Ukrainian politician, businessman, and soldier

Yaroslav Volodymyrovych Markevych (Ярослав Володимирович Маркевич, born 3 December 1973) is a Ukrainian politician, businessman, activist, former soldier in the Donbas Battalion, former Member of Parliament of Ukraine of the 8th convocation from Samopmich Union, and Member of the Parliamentary Budget Committee.
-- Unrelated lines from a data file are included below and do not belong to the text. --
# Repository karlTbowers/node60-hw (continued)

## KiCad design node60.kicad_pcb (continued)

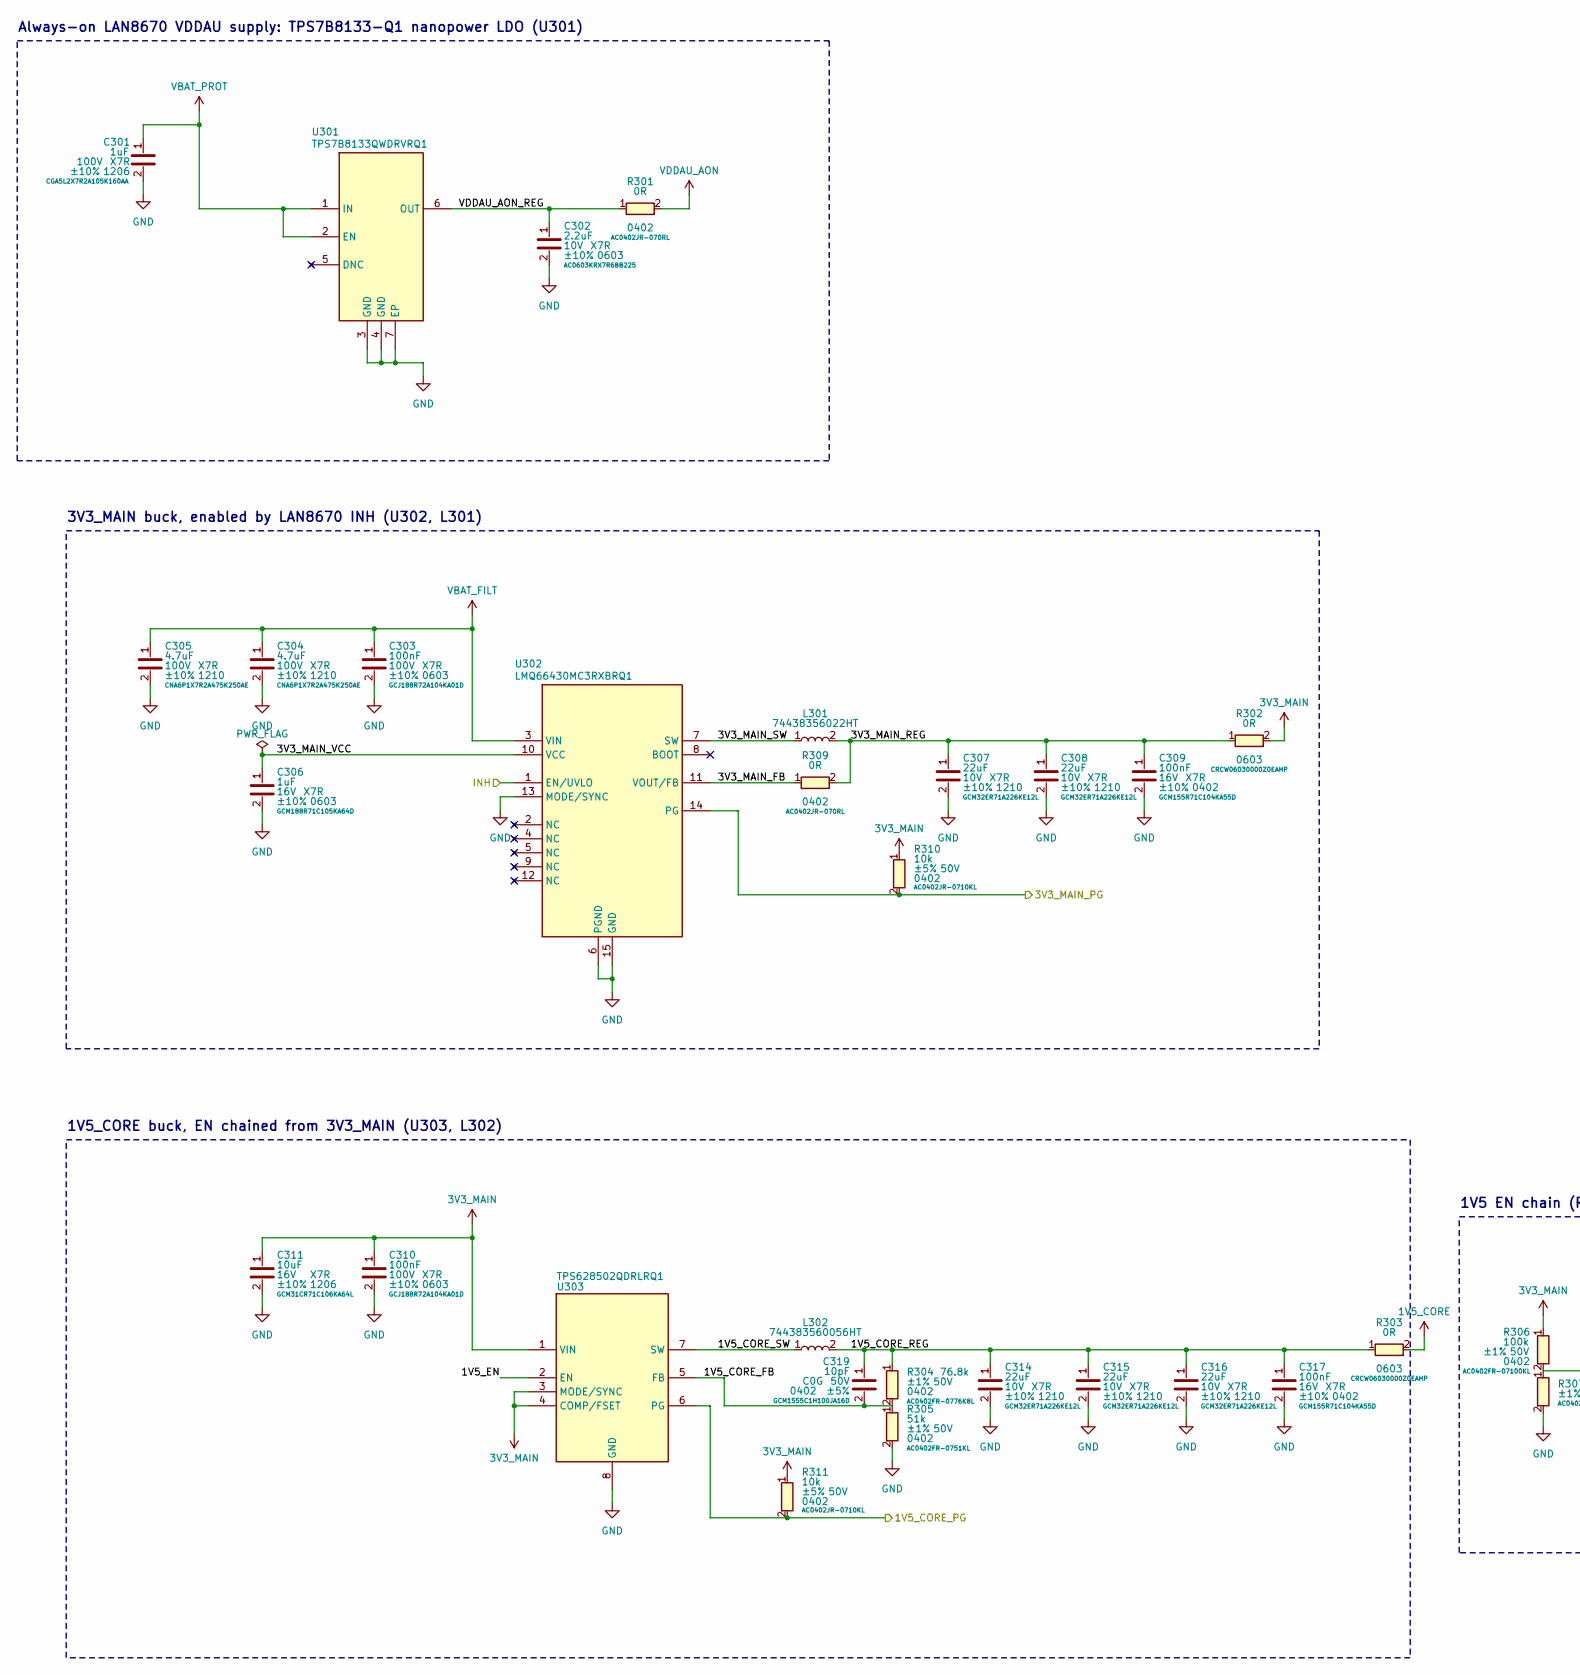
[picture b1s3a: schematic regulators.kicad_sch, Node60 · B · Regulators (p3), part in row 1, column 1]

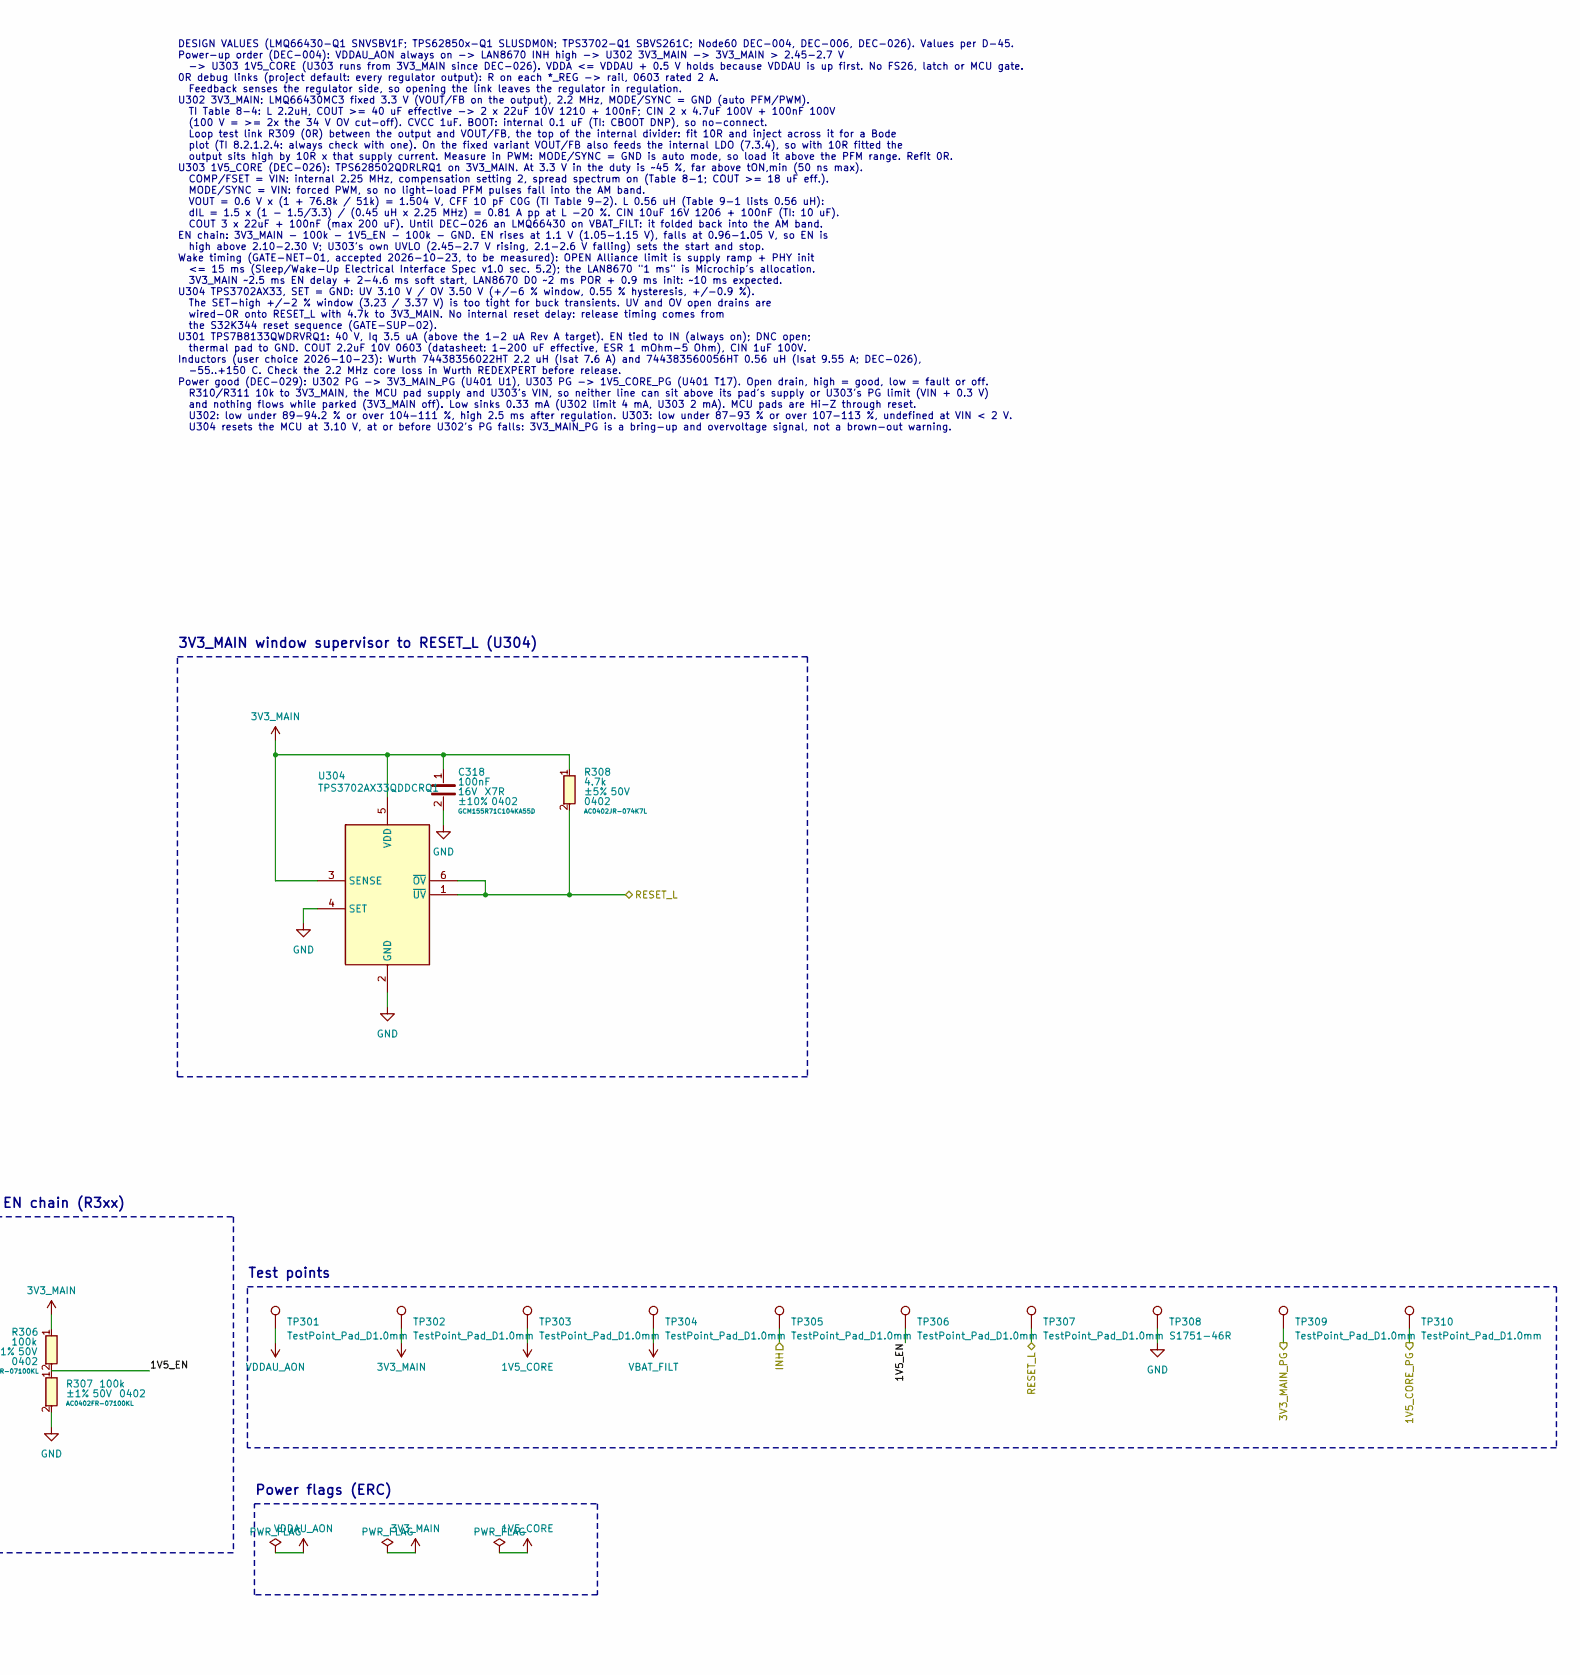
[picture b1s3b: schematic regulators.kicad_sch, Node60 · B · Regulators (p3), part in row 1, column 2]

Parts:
C301: 1uF; C_1206_3216Metric; Voltage 100V; Tolerance ±10%; MPN CGA5L2X7R2A105K160AA; DigiKey_PN 445-5845-1-ND
C302: 2.2uF; C_0603_1608Metric; Voltage 10V; Tolerance ±10%; MPN AC0603KRX7R6BB225; DigiKey_PN 13-AC0603KRX7R6BB225CT-ND
C303, C310: 100nF; C_0603_1608Metric; Voltage 100V; Tolerance ±10%; MPN GCJ188R72A104KA01D; DigiKey_PN 490-13420-1-ND
C304, C305: 4.7uF; C_1210_3225Metric; Voltage 100V; Tolerance ±10%; MPN CNA6P1X7R2A475K250AE; DigiKey_PN 445-181409-1-ND
C306: 1uF; C_0603_1608Metric; Voltage 16V; Tolerance ±10%; MPN GCM188R71C105KA64D; DigiKey_PN 490-5241-1-ND
C307, C308, C314, C315, C316: 22uF; C_1210_3225Metric; Voltage 10V; Tolerance ±10%; MPN GCM32ER71A226KE12L; DigiKey_PN 490-4797-1-ND
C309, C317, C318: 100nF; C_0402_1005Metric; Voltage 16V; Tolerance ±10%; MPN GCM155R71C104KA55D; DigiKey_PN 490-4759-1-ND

Markevych did not return to parliament following the 2019 Ukrainian parliamentary election.

== Biography ==
Yaroslav Markevych was born in Kamin-Rybolov, a village in Khankaysky District in Primorsky Krai, Russia. He studied at the Institute of the Social Development, on the faculty of Legal Support of the Financial Activities of the Enterprise. In 1992 he started working as a lawyer in a private trade house. From 1993 to 1995 he worked as a Deputy Director of the private scientific-producing firm PRINT. In 1996 he was a press-secretary at AT STANK. BeforeUntil his election to Ukrainian parliament he worked as manager and deputy head at a number of private companies.

In 2005 he started working with Viktor Yushchenko's party Nasha Ukraina, taking the post of the Head of the Executive Committee of the Kharkiv city party organisation, from 2008 – the Oblast party organisation. Since 2000 he was the president of the civic organisation East Ukrainian Fund of Democracy Development.

In 2004 he was the consultant on pre-elections issues to OSCE.

Markevych is married and has two children.

== Awards==
- Cross of Ivan Mazepa (November 18, 2009).